Structure and Intuition
A common template is sell 1 near-term lower-strike call, buy 2 longer-term higher-strike calls.
Example pricing: sell Apr 30 call for 3, buy 2 Jul 35 calls at 1.5 each -> roughly even-money entry.
If near-term short expires worthless, you can be left holding two longer-dated calls at very low effective basis.
Short Leg
1x near-term lower strike
Long Legs
2x longer-term higher strike
Entry Cash Flow
Often near flat or small credit/debit
Exposure Shape
Convex to later upside
Best and Worst Near-Term Outcomes
Best early path: underlying stays below short strike into near expiry, allowing cheap or zero-cost retention of long calls.
Worst early path: slight rise near short strike that can pressure both sides before convex upside fully develops.
Even in bad cases, loss is typically bounded compared with outright aggressive short-vol structures.
Diagonal Backspread Near-Expiry Shape (Illustrative)
- profit
Management Priorities
Priority 1: monitor early assignment risk on the short near-term call when it goes ITM.
Priority 2: define whether your objective is financing long convexity or monetizing near-term decay.
Priority 3: if a large rally arrives, consider staged profit-taking on long calls instead of waiting for terminal expiration.

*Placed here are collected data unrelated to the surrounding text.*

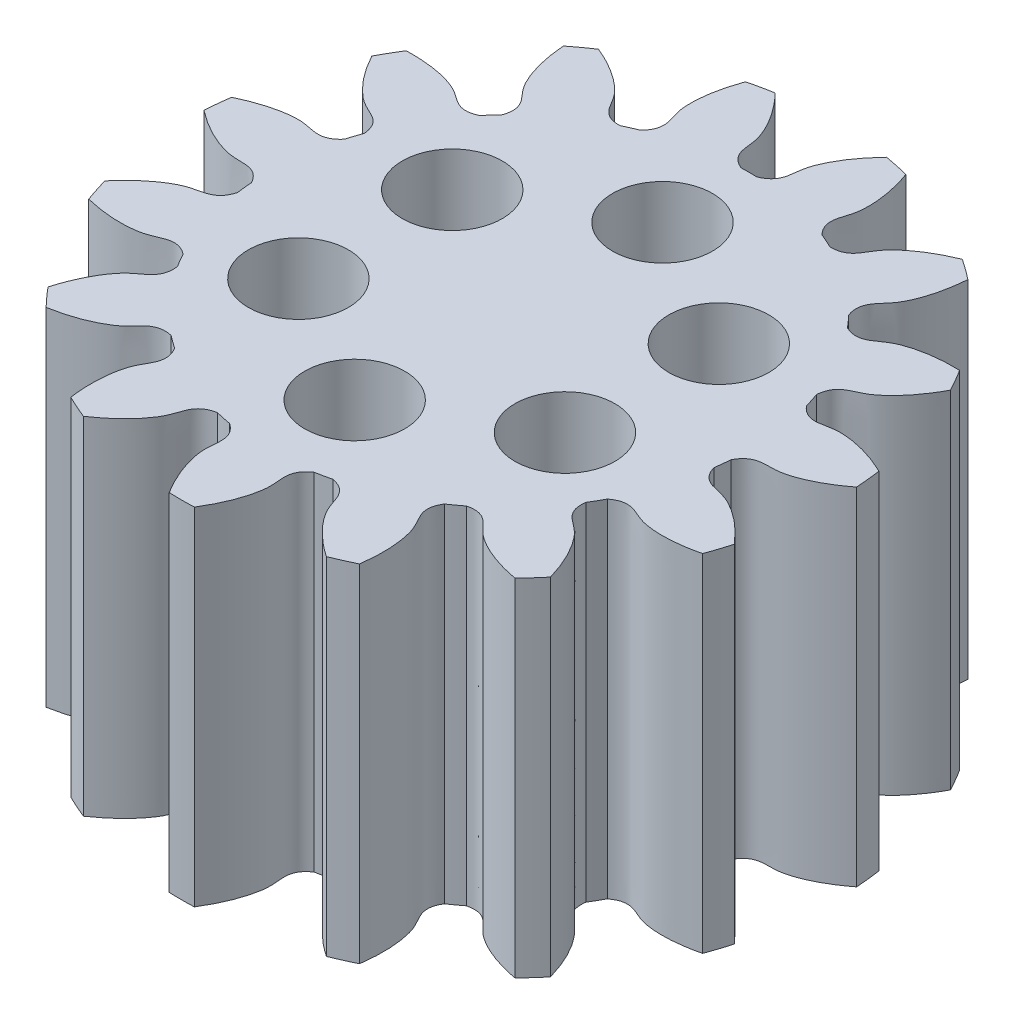
SolidWorks part; units mm, degrees
ref_plane "前视基准面" through (0, 0, 0) normal (0, 0, 1) x (1, 0, 0)
ref_plane "上视基准面" through (0, 0, 0) normal (0, 1, 0) x (1, 0, 0)
ref_plane "右视基准面" through (0, 0, 0) normal (1, 0, 0) x (0, 0, -1)
other "Configuration Table"
sketch "草图1" plane through (0, 0, 0) normal (0, 1, 0) x (1, 0, 0)
  arc A0 (-4.0703, 11.2781) -> (-4.8168, 10.9457) centre (0.638, -0.3013) ccw
  arc A1 (-8.8187, 13.8256) -> (-9.8753, 13.058) centre (0.638, -0.3013) ccw
  arc A2 (-8.373, 8.362) -> (-8.9198, 7.7547) centre (0.638, -0.3013) ccw
  arc A3 (-13.7471, 8.7579) -> (-14.4001, 7.6269) centre (0.638, -0.3013) ccw
  arc A4 (-11.1176, 3.9479) -> (-11.3701, 3.1708) centre (0.638, -0.3013) ccw
  arc A5 (-16.1882, 2.1238) -> (-16.3247, 0.8249) centre (0.638, -0.3013) ccw
  arc A6 (-11.8296, -1.2009) -> (-11.7442, -2.0136) centre (0.638, -0.3013) ccw
  arc A7 (-15.7198, -4.9297) -> (-15.3163, -6.1718) centre (0.638, -0.3013) ccw
  arc A8 (-10.3858, -6.1942) -> (-9.9773, -6.9018) centre (0.638, -0.3013) ccw
  arc A9 (-12.4231, -11.1829) -> (-11.5492, -12.1534) centre (0.638, -0.3013) ccw
  arc A10 (-7.0359, -10.1685) -> (-6.3749, -10.6488) centre (0.638, -0.3013) ccw
  arc A11 (-6.868, -15.5545) -> (-5.6749, -16.0857) centre (0.638, -0.3013) ccw
  arc A12 (-2.3592, -12.4367) -> (-1.5599, -12.6066) centre (0.638, -0.3013) ccw
  arc A13 (-0.015, -17.2888) -> (1.291, -17.2888) centre (0.638, -0.3013) ccw
  arc A14 (2.8358, -12.6066) -> (3.6351, -12.4367) centre (0.638, -0.3013) ccw
  arc A15 (6.9509, -16.0857) -> (8.1439, -15.5545) centre (0.638, -0.3013) ccw
  arc A16 (7.6508, -10.6488) -> (8.3119, -10.1685) centre (0.638, -0.3013) ccw
  arc A17 (12.8252, -12.1534) -> (13.6991, -11.1829) centre (0.638, -0.3013) ccw
  arc A18 (11.2532, -6.9018) -> (11.6618, -6.1942) centre (0.638, -0.3013) ccw
  arc A19 (16.5922, -6.1718) -> (16.9958, -4.9297) centre (0.638, -0.3013) ccw
  arc A20 (13.0202, -2.0136) -> (13.1056, -1.2009) centre (0.638, -0.3013) ccw
  arc A21 (17.6006, 0.8249) -> (17.4641, 2.1238) centre (0.638, -0.3013) ccw
  arc A22 (12.6461, 3.1708) -> (12.3936, 3.9479) centre (0.638, -0.3013) ccw
  arc A23 (15.676, 7.6269) -> (15.0231, 8.7579) centre (0.638, -0.3013) ccw
  arc A24 (10.1957, 7.7547) -> (9.6489, 8.362) centre (0.638, -0.3013) ccw
  arc A25 (11.1512, 13.058) -> (10.0947, 13.8256) centre (0.638, -0.3013) ccw
  arc A26 (6.0927, 10.9457) -> (5.3462, 11.2781) centre (0.638, -0.3013) ccw
  arc A27 (4.8086, 16.1792) -> (3.5312, 16.4507) centre (0.638, -0.3013) ccw
  arc A28 (1.0466, 12.192) -> (0.2294, 12.192) centre (0.638, -0.3013) ccw
  arc A29 (-2.2552, 16.4507) -> (-3.5326, 16.1792) centre (0.638, -0.3013) ccw
  spline S0 degree 3 poles (-4.8168, 10.9457) (-5.797, 10.9203) (-5.9278, 11.6325) (-6.3455, 12.1709) (-6.3886, 12.223) (-6.4381, 12.2796) (-6.4989, 12.3462) (-6.5873, 12.4373) (-6.7098, 12.5539) (-6.8539, 12.6805) (-7.0204, 12.8153) (-7.2102, 12.957) (-7.4242, 13.1037) (-7.6629, 13.2537) (-7.927, 13.4053) (-8.2169, 13.5567) (-8.5165, 13.6982) (-8.7208, 13.7857) (-8.8187, 13.8256) knots 0.470856 0.470856 0.470856 0.470856 0.673329 0.677835 0.688649 0.694957 0.701866 0.717486 0.735509 0.755935 0.778765 0.803997 0.831633 0.861672 0.894113 0.928958 0.966206 1 1 1 1
  spline S1 degree 3 poles (-9.8753, 13.058) (-9.8632, 12.8935) (-9.8356, 12.6171) (-9.7794, 12.2383) (-9.7207, 11.928) (-9.6547, 11.6422) (-9.5833, 11.3811) (-9.5084, 11.1446) (-9.4317, 10.9325) (-9.3661, 10.7714) (-9.3033, 10.6297) (-9.2546, 10.5279) (-9.2062, 10.4345) (-9.1726, 10.3725) (-9.1405, 10.3162) (-9.1021, 10.2516) (-9.0658, 10.1944) (-8.6828, 9.6309) (-8.0459, 9.2864) (-8.373, 8.362) knots 0 0 0 0 0.052718 0.088765 0.122408 0.153648 0.182485 0.208919 0.23295 0.254578 0.264491 0.282514 0.290624 0.298134 0.305043 0.311351 0.322165 0.326671 0.529144 0.529144 0.529144 0.529144
  spline S2 degree 3 poles (-8.9198, 7.7547) (-9.8049, 7.3328) (-10.2141, 7.9302) (-10.8146, 8.2522) (-10.8752, 8.2823) (-10.9435, 8.3138) (-11.0261, 8.35) (-11.1439, 8.3972) (-11.3033, 8.4539) (-11.4863, 8.5109) (-11.6933, 8.5664) (-11.9244, 8.6186) (-12.1795, 8.6656) (-12.4586, 8.7055) (-12.7615, 8.7366) (-13.088, 8.757) (-13.4192, 8.7644) (-13.6414, 8.7612) (-13.7471, 8.7579) knots 0.470856 0.470856 0.470856 0.470856 0.673329 0.677835 0.688649 0.694957 0.701866 0.717486 0.735509 0.755935 0.778765 0.803997 0.831633 0.861672 0.894113 0.928958 0.966206 1 1 1 1
  spline S3 degree 3 poles (-14.4001, 7.6269) (-14.3221, 7.4816) (-14.1845, 7.2403) (-13.9791, 6.917) (-13.7993, 6.6574) (-13.6228, 6.4232) (-13.4513, 6.2138) (-13.2867, 6.0282) (-13.1303, 5.8655) (-13.0049, 5.7451) (-12.8899, 5.6412) (-12.804, 5.568) (-12.7218, 5.5023) (-12.6659, 5.4594) (-12.6137, 5.4209) (-12.5522, 5.3776) (-12.4959, 5.3402) (-11.9168, 4.9811) (-11.1948, 4.9255) (-11.1176, 3.9479) knots 0 0 0 0 0.052718 0.088765 0.122408 0.153648 0.182485 0.208919 0.23295 0.254578 0.264491 0.282514 0.290624 0.298134 0.305043 0.311351 0.322165 0.326671 0.529144 0.529144 0.529144 0.529144
  spline S4 degree 3 poles (-11.3701, 3.1708) (-12.0072, 2.4253) (-12.624, 2.8046) (-13.3035, 2.8545) (-13.3711, 2.8574) (-13.4463, 2.8584) (-13.5365, 2.8578) (-13.6633, 2.8531) (-13.832, 2.84) (-14.0224, 2.8176) (-14.2341, 2.7842) (-14.4663, 2.7379) (-14.7185, 2.677) (-14.9897, 2.6) (-15.2791, 2.5052) (-15.5856, 2.391) (-15.8913, 2.2631) (-16.093, 2.1697) (-16.1882, 2.1238) knots 0.470856 0.470856 0.470856 0.470856 0.673329 0.677835 0.688649 0.694957 0.701866 0.717486 0.735509 0.755935 0.778765 0.803997 0.831633 0.861672 0.894113 0.928958 0.966206 1 1 1 1
  spline S5 degree 3 poles (-16.3247, 0.8249) (-16.1943, 0.7239) (-15.9705, 0.5594) (-15.6514, 0.3476) (-15.3815, 0.1837) (-15.125, 0.0415) (-14.8832, -0.0801) (-14.6572, -0.1827) (-14.4483, -0.2677) (-14.2847, -0.3267) (-14.1373, -0.3749) (-14.0292, -0.4067) (-13.9273, -0.4334) (-13.8588, -0.4498) (-13.7955, -0.4637) (-13.7217, -0.4783) (-13.655, -0.4896) (-12.9799, -0.5821) (-12.2977, -0.3393) (-11.8296, -1.2009) knots 0 0 0 0 0.052718 0.088765 0.122408 0.153648 0.182485 0.208919 0.23295 0.254578 0.264491 0.282514 0.290624 0.298134 0.305043 0.311351 0.322165 0.326671 0.529144 0.529144 0.529144 0.529144
  spline S6 degree 3 poles (-11.7442, -2.0136) (-12.0229, -2.9537) (-12.7407, -2.858) (-13.3818, -3.0888) (-13.4447, -3.1137) (-13.5138, -3.1434) (-13.596, -3.1806) (-13.7099, -3.2365) (-13.8587, -3.317) (-14.0235, -3.4149) (-14.2033, -3.5316) (-14.3966, -3.6684) (-14.6023, -3.8265) (-14.8187, -4.0072) (-15.0445, -4.2115) (-15.2781, -4.4405) (-15.5053, -4.6817) (-15.6516, -4.849) (-15.7198, -4.9297) knots 0.470856 0.470856 0.470856 0.470856 0.673329 0.677835 0.688649 0.694957 0.701866 0.717486 0.735509 0.755935 0.778765 0.803997 0.831633 0.861672 0.894113 0.928958 0.966206 1 1 1 1
  spline S7 degree 3 poles (-15.3163, -6.1718) (-15.1561, -6.2111) (-14.8847, -6.2702) (-14.507, -6.3339) (-14.1938, -6.374) (-13.9016, -6.3995) (-13.6313, -6.4123) (-13.3831, -6.4141) (-13.1577, -6.4067) (-12.9843, -6.3942) (-12.83, -6.3782) (-12.7182, -6.3633) (-12.6144, -6.3462) (-12.5451, -6.3333) (-12.4816, -6.3203) (-12.4083, -6.3036) (-12.3427, -6.2868) (-11.6884, -6.0967) (-11.164, -5.5974) (-10.3858, -6.1942) knots 0 0 0 0 0.052718 0.088765 0.122408 0.153648 0.182485 0.208919 0.23295 0.254578 0.264491 0.282514 0.290624 0.298134 0.305043 0.311351 0.322165 0.326671 0.529144 0.529144 0.529144 0.529144
  spline S8 degree 3 poles (-9.9773, -6.9018) (-9.8495, -7.8741) (-10.5442, -8.0786) (-11.0359, -8.5502) (-11.0833, -8.5985) (-11.1344, -8.6537) (-11.1943, -8.7211) (-11.2756, -8.8185) (-11.3788, -8.9526) (-11.4896, -9.1091) (-11.6063, -9.2888) (-11.7273, -9.4924) (-11.8509, -9.7205) (-11.9751, -9.9736) (-12.0983, -10.2521) (-12.2186, -10.5563) (-12.328, -10.869) (-12.3936, -11.0814) (-12.4231, -11.1829) knots 0.470856 0.470856 0.470856 0.470856 0.673329 0.677835 0.688649 0.694957 0.701866 0.717486 0.735509 0.755935 0.778765 0.803997 0.831633 0.861672 0.894113 0.928958 0.966206 1 1 1 1
  spline S9 degree 3 poles (-11.5492, -12.1534) (-11.3869, -12.1242) (-11.1149, -12.0678) (-10.744, -11.9724) (-10.4415, -11.8816) (-10.1643, -11.7861) (-9.9121, -11.6878) (-9.6847, -11.5885) (-9.4817, -11.4901) (-9.3284, -11.4081) (-9.194, -11.3307) (-9.0979, -11.2717) (-9.01, -11.2138) (-8.9519, -11.1739) (-8.8992, -11.1361) (-8.839, -11.0911) (-8.786, -11.049) (-8.2655, -10.6093) (-7.9895, -9.9398) (-7.0359, -10.1685) knots 0 0 0 0 0.052718 0.088765 0.122408 0.153648 0.182485 0.208919 0.23295 0.254578 0.264491 0.282514 0.290624 0.298134 0.305043 0.311351 0.322165 0.326671 0.529144 0.529144 0.529144 0.529144
  spline S10 degree 3 poles (-6.3749, -10.6488) (-5.8627, -11.485) (-6.4141, -11.9544) (-6.6715, -12.5853) (-6.6951, -12.6487) (-6.7194, -12.7199) (-6.7467, -12.8058) (-6.7814, -12.9279) (-6.8211, -13.0923) (-6.8586, -13.2804) (-6.8922, -13.492) (-6.9199, -13.7272) (-6.94, -13.9859) (-6.9506, -14.2676) (-6.9498, -14.5721) (-6.936, -14.8989) (-6.9087, -15.2291) (-6.8823, -15.4498) (-6.868, -15.5545) knots 0.470856 0.470856 0.470856 0.470856 0.673329 0.677835 0.688649 0.694957 0.701866 0.717486 0.735509 0.755935 0.778765 0.803997 0.831633 0.861672 0.894113 0.928958 0.966206 1 1 1 1
  spline S11 degree 3 poles (-5.6749, -16.0857) (-5.5385, -15.993) (-5.3129, -15.8309) (-5.0129, -15.5929) (-4.7735, -15.3869) (-4.5591, -15.1868) (-4.3687, -14.9945) (-4.2013, -14.8113) (-4.0559, -14.6388) (-3.9492, -14.5015) (-3.8579, -14.3762) (-3.7942, -14.2832) (-3.7374, -14.1946) (-3.7005, -14.1345) (-3.6678, -14.0785) (-3.6311, -14.0129) (-3.5997, -13.9529) (-3.3032, -13.3395) (-3.3233, -12.6156) (-2.3592, -12.4367) knots 0 0 0 0 0.052718 0.088765 0.122408 0.153648 0.182485 0.208919 0.23295 0.254578 0.264491 0.282514 0.290624 0.298134 0.305043 0.311351 0.322165 0.326671 0.529144 0.529144 0.529144 0.529144
  spline S12 degree 3 poles (-1.5599, -12.6066) (-0.7519, -13.1622) (-1.0647, -13.8153) (-1.0433, -14.4963) (-1.039, -14.5638) (-1.0322, -14.6387) (-1.0222, -14.7284) (-1.0042, -14.854) (-0.9736, -15.0204) (-0.9315, -15.2074) (-0.876, -15.4144) (-0.8057, -15.6406) (-0.7189, -15.885) (-0.6139, -16.1467) (-0.4894, -16.4246) (-0.3438, -16.7175) (-0.1846, -17.0081) (-0.0707, -17.1989) (-0.015, -17.2888) knots 0.470856 0.470856 0.470856 0.470856 0.673329 0.677835 0.688649 0.694957 0.701866 0.717486 0.735509 0.755935 0.778765 0.803997 0.831633 0.861672 0.894113 0.928958 0.966206 1 1 1 1
  spline S13 degree 3 poles (1.291, -17.2888) (1.3778, -17.1486) (1.518, -16.9088) (1.6953, -16.5693) (1.8301, -16.2837) (1.9447, -16.0138) (2.0404, -15.7606) (2.1188, -15.5252) (2.1815, -15.3085) (2.2231, -15.1396) (2.2556, -14.988) (2.276, -14.8771) (2.2918, -14.773) (2.301, -14.7032) (2.3082, -14.6387) (2.315, -14.5638) (2.3192, -14.4963) (2.3407, -13.8153) (2.0279, -13.1622) (2.8358, -12.6066) knots 0 0 0 0 0.052718 0.088765 0.122408 0.153648 0.182485 0.208919 0.23295 0.254578 0.264491 0.282514 0.290624 0.298134 0.305043 0.311351 0.322165 0.326671 0.529144 0.529144 0.529144 0.529144
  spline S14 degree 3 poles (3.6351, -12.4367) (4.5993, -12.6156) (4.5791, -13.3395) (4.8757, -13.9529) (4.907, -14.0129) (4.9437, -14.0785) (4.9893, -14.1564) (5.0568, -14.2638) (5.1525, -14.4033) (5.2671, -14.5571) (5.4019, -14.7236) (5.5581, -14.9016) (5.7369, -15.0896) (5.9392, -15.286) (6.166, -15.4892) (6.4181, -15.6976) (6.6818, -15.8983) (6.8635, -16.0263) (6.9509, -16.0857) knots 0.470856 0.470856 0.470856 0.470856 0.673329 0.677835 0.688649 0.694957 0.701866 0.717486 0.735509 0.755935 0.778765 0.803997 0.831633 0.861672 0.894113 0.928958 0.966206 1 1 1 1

Concrete Trigger Framework
Trigger A (defensive): if spot closes above short strike and short delta keeps rising, cut or roll short risk quickly.
Trigger B (neutral): if spot remains below short strike with 7-10 days left, prioritize decay capture and avoid unnecessary adjustments.
Trigger C (offensive): if strong rally develops after short risk is controlled, scale out long calls in tranches to lock convex gains.
A: Defense
Spot > short strike + delta expansion
B: Hold
Spot < short strike into final 7-10 days
C: Monetize
Post-adjustment rally in long legs
Core Principle
Protect short side before chasing upside
Execution Checklist
Use liquid underlyings and strikes where both near and farther expiries trade tightly.
Pre-plan assignment handling and adjustment steps before entry.
Keep size moderate: these structures are convex but still path-sensitive.
Review the position at fixed checkpoints, not only when P/L feels uncomfortable.
Key takeaways
- Diagonal backspreads combine ratio exposure with expiry separation.
- They can reduce early carrying cost while preserving upside convexity.
- The most fragile zone is often a small rise near short strike at near expiry.
- Clear assignment and adjustment rules are mandatory.